OpenAI’s model documentation also notes batch pricing and cached-input pricing, encouraging patterns like reusing stable system prompts, retrieval scaffolds, or shared policy text. That matters when you operate at scale and want predictable cost curves across repeated tasks.
There are additional pricing nuances for very large contexts: prompts with more than 272K input tokens for 1.05M-context models are priced at 2× input and 1.5× output for the full session, and regional processing carries a +10% uplift. In practice, teams using near-megacontext sessions (for large codebases or multi-quarter project archives) will want guardrails, chunking, retrieval, and caching, to avoid surprise bills.
GPT‑5.4 arrives as a consolidation release: a model OpenAI says combines mainline reasoning with Codex-grade coding and is designed for agentic work across tools.
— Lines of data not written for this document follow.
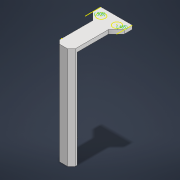
# Autodesk Inventor part: Vertical Beam Prototype
Saved by Autodesk Inventor 2022 (Build 260153000, 153)
## iProperties
Created: 2021-05-30
Part Number: Vertical Beam Prototype
Material: Generic
Document SubType Name: Modeling
Designer: sidsa
Density: 1 g/cm^3
Appearance: Default
Author: sidsa
## iProperties of the stored document Vertical Beam Prototype_3DPrint.ipt
Created: 2021-05-30
Part Number: Vertical Beam Prototype_3DPrint
Material: Generic
Document SubType Name: Modeling
Designer: sidsa
Density: 1 g/cm^3
Appearance: Default
Author: sidsa
Autodesk Inventor part; units mm, degrees
ref_plane "YZ Plane" through (0, 0, 0) normal (1, 0, 0) x (0, 1, 0)
ref_plane "XZ Plane" through (0, 0, 0) normal (0, 1, 0) x (-1, 0, 0)
ref_plane "XY Plane" through (0, 0, 0) normal (0, 0, 1) x (1, 0, 0)
sketch "Sketch1" plane through (0, 0, 0) normal (0, 0, 1) x (1, 0, 0)
  line L0 (0, 0) -> (25.4, 0)
  line L1 (25.4, 0) -> (25.4, 165.1)
  line L2 (25.4, 165.1) -> (0, 165.1)
  line L3 (0, 165.1) -> (0, 0)
  line L4 (16.2837, 38.7604) -> (19.9133, 32.4739)
  line L5 (19.9133, 32.4739) -> (16.2837, 26.1874)
  line L6 (16.2837, 26.1874) -> (9.0247, 26.1874)
  line L7 (9.0247, 26.1874) -> (5.3952, 32.4739)
  line L8 (5.3952, 32.4739) -> (9.0247, 38.7604)
  line L9 (9.0247, 38.7604) -> (16.2837, 38.7604)
  line L10 (12.7, 0) -> (12.6542, 32.4739)
  dimension "d0" = 25.4
  dimension "d1" = 165.1
  dimension "d2" = 12.573
  dimension "d3" = 26.1874
  constraints: 22 end point, 3 parallel, 1 horizontal, 1 midpoint, 1 perpendicular, 13 other
  measures "d0" distance of L1.end L2.end
  measures "d1" distance of L0.end L1.end
  measures "d2" distance between parallel lines of L6 L9
  measures "d3" distance between parallel lines of L0 L6
extrude "Extrusion1" add sketch "Sketch1" along normal blind 3.175
sketch "Sketch2" plane through (0, 0, 0) normal (0, 0, -1) x (-1, 0, 0)
  line L0 (-25.4, 0) -> (-25.4, 165.1) projected
  line L1 (0, 0) -> (-25.4, 0) projected
  line L2 (0, 165.1) -> (0, 0) projected
  line L3 (-25.4, 165.1) -> (0, 165.1) projected
  line L4 (-16.2837, 26.1874) -> (-9.0247, 26.1874) projected
  line L5 (-19.9133, 32.4739) -> (-16.2837, 26.1874) projected
  line L6 (-16.2837, 38.7604) -> (-19.9133, 32.4739) projected
  line L7 (-9.0247, 38.7604) -> (-16.2837, 38.7604) projected
  line L8 (-5.3952, 32.4739) -> (-9.0247, 38.7604) projected
  line L9 (-9.0247, 26.1874) -> (-5.3952, 32.4739) projected
  line L10 (-16.2984, 26.035) -> (-19.9646, 32.385) projected
  line L11 (-5.2999, 32.385) -> (-8.9661, 26.035) projected
  line L12 (-8.9661, 26.035) -> (-16.2984, 26.035) projected
  line L13 (-16.2984, 26.035) -> (-19.9646, 32.385) projected
  line L14 (-19.9646, 32.385) -> (-16.2984, 38.735) projected
  line L15 (-16.2984, 38.735) -> (-8.9661, 38.735) projected
  line L16 (-8.9661, 38.735) -> (-5.2999, 32.385) projected
  line L17 (-41.2072, 1.27) -> (15.9428, 1.27) projected
  line L18 (15.9428, 1.27) -> (15.9428, 63.5) projected
  line L19 (-41.2072, 63.5) -> (15.9428, 63.5) projected
  line L20 (-41.2072, 1.27) -> (-41.2072, 63.5) projected
  dimension "d32" = 12.573
  dimension "d33" = 12.7
  measures "d32" distance between parallel lines of L7 L4
  measures "d33" distance between parallel lines of L12 L15
extrude "Extrusion2" add sketch "Sketch2" along normal blind 6.35 and the other way blind 3.175 contours L5 L6 L15 L8 L9 L4 | L6 L7 L8 L15
sketch "Sketch3" plane through (0, 0, 3.175) normal (0, 0, 1) x (1, 0, 0)
  line L0 (25.4, 0) -> (25.4, 165.1) projected
  line L1 (25.4, 165.1) -> (0, 165.1) projected
  line L2 (0, 165.1) -> (0, 0) projected
  line L3 (0, 0) -> (25.4, 0) projected
extrude "Extrusion3" add sketch "Sketch3" along normal blind 6.35
chamfer "Chamfer1" distance 6.35 angle 45 2 edges at (25.4, 82.55, 9.525) (0, 82.55, 9.525)
sketch "Sketch5" plane through (9.0247, 38.7604, 0) normal (0, 1, 0) x (1, 0, 0)
  line L0 (7.259, 0) -> (7.259, 6.35) projected
  line L1 (32.1825, 2.54) -> (-24.9675, 2.54) projected
  line L2 (0, 0) -> (0, 6.35) projected
  line L3 (7.259, 0) -> (7.259, 6.35) projected
  line L4 (0, 6.35) -> (0, 0) projected
  line L5 (7.259, 2.54) -> (0, 2.54)
  line L6 (0, 2.54) -> (0, 6.35)
  line L7 (0, 6.35) -> (7.259, 6.35)
  line L8 (7.259, 6.35) -> (7.259, 2.54)
  line L9 (5.989, 3.175) -> (1.27, 3.175)
  line L10 (1.27, 3.175) -> (1.27, 5.715)
  line L11 (1.27, 5.715) -> (5.989, 5.715)
  line L12 (5.989, 5.715) -> (5.989, 3.175)
  point P0 (-9.0247, 0)
  dimension "d25" = 0.635
  dimension "d26" = 1.27
  dimension "d27" = 0.635
  dimension "d28" = 1.27
  dimension "d29" = 2.54
  constraints: 16 end point, 4 parallel, 2 horizontal, 2 perpendicular, 2 point on line
  measures "d25" distance between parallel lines of L1 L9
  measures "d26" distance between parallel lines of L2 L10
  measures "d27" distance between parallel lines of L7 L11
  measures "d28" distance between parallel lines of L0 L12
  measures "d29" distance between parallel lines of L11 L9
extrude "Extrusion5" cut sketch "Sketch5" against normal blind 12.7 contours L9 L10 L11 L12
sketch "Sketch6" plane through (0, 0, 0) normal (0, 0, -1) x (-1, 0, 0)
  line L0 (-25.4, 0) -> (-25.4, 165.1) projected
  line L1 (0, 0) -> (-25.4, 0) projected
  line L2 (0, 165.1) -> (0, 0) projected
  line L3 (-25.4, 165.1) -> (0, 165.1) projected
  line L4 (-16.2837, 26.1874) -> (-9.0247, 26.1874) projected
  line L5 (-19.9133, 32.4739) -> (-16.2837, 26.1874) projected
  line L6 (-16.2837, 38.7604) -> (-19.9133, 32.4739) projected
  line L7 (-9.0247, 38.7604) -> (-16.2837, 38.7604) projected
  line L8 (-5.3952, 32.4739) -> (-9.0247, 38.7604) projected
  line L9 (-9.0247, 26.1874) -> (-5.3952, 32.4739) projected
  line L10 (0, 165.1) -> (0, 0) projected
  line L11 (-25.4, 165.1) -> (0, 165.1)
  line L12 (0, 165.1) -> (0, 158.75)
  line L13 (0, 158.75) -> (-25.4, 158.75)
  line L14 (-25.4, 158.75) -> (-25.4, 165.1)
  point P0 (-25.4, 158.75)
  dimension "d34" = 6.35
  constraints: 8 end point, 2 parallel, 1 horizontal, 1 perpendicular, 1 point on line
  measures "d34" distance of L11.end L12.end
extrude "Extrusion6" add sketch "Sketch6" along normal blind 76.2 contours L0 L3 L2 L13
sketch "Sketch7" plane through (0, 0, 3.175) normal (-1, 0, 0) x (0, 0, 1)
  line L0 (-79.375, 165.1) -> (0, 165.1) projected
  line L1 (-3.175, 158.75) -> (-79.375, 158.75) projected
  line L2 (-79.375, 165.1) -> (-53.975, 165.1)
  line L3 (-53.975, 165.1) -> (-53.975, 158.75)
  line L4 (-53.975, 158.75) -> (-79.375, 158.75)
  line L5 (-79.375, 158.75) -> (-79.375, 165.1)
  point P0 (-3.175, 0)
  dimension "d37" = 25.4
  constraints: 8 end point, 2 parallel, 1 horizontal, 1 perpendicular, 1 point on line
  measures "d37" distance of L3.end L4.end
extrude "Extrusion7" add sketch "Sketch7" along normal blind 12.7
sketch "Sketch8" plane through (25.4, 0, 3.175) normal (1, 0, 0) x (0, 0, -1)
  line L0 (79.375, 165.1) -> (0, 165.1) projected
  line L1 (79.375, 165.1) -> (53.975, 165.1)
  line L2 (53.975, 165.1) -> (53.975, 158.75)
  line L3 (53.975, 158.75) -> (79.375, 158.75)
  line L4 (79.375, 158.75) -> (79.375, 165.1)
  point P0 (3.175, 0)
  dimension "d40" = 25.4
  dimension "d41" = 6.35
  constraints: 8 end point, 2 parallel, 1 horizontal, 1 perpendicular
  measures "d40" distance of L3.end L2.end
  measures "d41" distance of L2.end L1.end
extrude "Extrusion8" add sketch "Sketch8" along normal blind 12.7
sketch "Sketch9" plane through (6.35, 165.1, 9.525) normal (0, 1, 0) x (1, 0, 0)
  circle A0 centre (-6.2737, 72.0756) radius 6.55 projected
  circle A1 centre (19.3263, 72.0756) radius 6.55 projected
  line L0 (31.75, 85.725) -> (31.75, 60.325) projected
  line L1 (-19.05, 60.325) -> (-19.05, 85.725) projected
  line L2 (31.75, 60.325) -> (31.75, 85.725) projected
  line L3 (31.75, 71.286) -> (25.8285, 71.286)
  line L4 (12.8241, 71.286) -> (-19.05, 71.286)
  line L5 (31.75, 71.286) -> (27.2796, 71.286)
  line L6 (27.2796, 71.286) -> (19.1516, 71.286)
  circle A2 centre (19.1516, 71.286) radius 8.128
  line L7 (-19.05, 71.286) -> (-6.4516, 71.286)
  circle A3 centre (-6.4516, 71.286) radius 8.128
  point P0 (-6.35, 9.525)
  point P1 (1.6764, 71.286)
  point P2 (-14.5796, 71.286)
  point P3 (-12.7759, 71.286)
  point P4 (0.2285, 71.286)
  dimension "d49" = 25.6
  dimension "d50" = 4.4704
  dimension "d51" = 8.128
  dimension "d52" = 16.256
  dimension "d53" = 12.5984
  dimension "d54" = 16.256
  constraints: 10 end point, 5 point on line, 2 centre point, 2 coincident, 2 perpendicular, 2 point on circle
  measures "d49" distance of A0.centre A1.centre
  measures "d50" distance of L3.start L5.end
  measures "d51" distance of L5.end L6.end
  measures "d52" diameter of A2
  measures "d53" distance of L4.end L7.end
  measures "d54" diameter of A3
extrude "Extrusion9" cut sketch "Sketch9" against normal blind 6.35
chamfer "Chamfer5" distance 12.7 angle 45 2 edges at (25.4, 161.925, -50.8) (0, 161.925, -50.8)
body "Solid1"

The announcement is backed by claims of lower factual error rates (33% fewer false individual claims and 18% fewer error-containing responses versus GPT‑5.2) and by benchmark improvements that target professional outputs, spreadsheets, presentations, and knowledge-work tasks.
At the same time, the practical story for users and builders is about scaling workflows: a 1,050,000-token context window, text+image inputs, broad endpoint coverage, and clearer production economics via caching and batch options. If GPT‑5.4’s promise holds in real deployments, it won’t just answer better, it will complete more of the work you would otherwise do across documents, browsers, and software interfaces.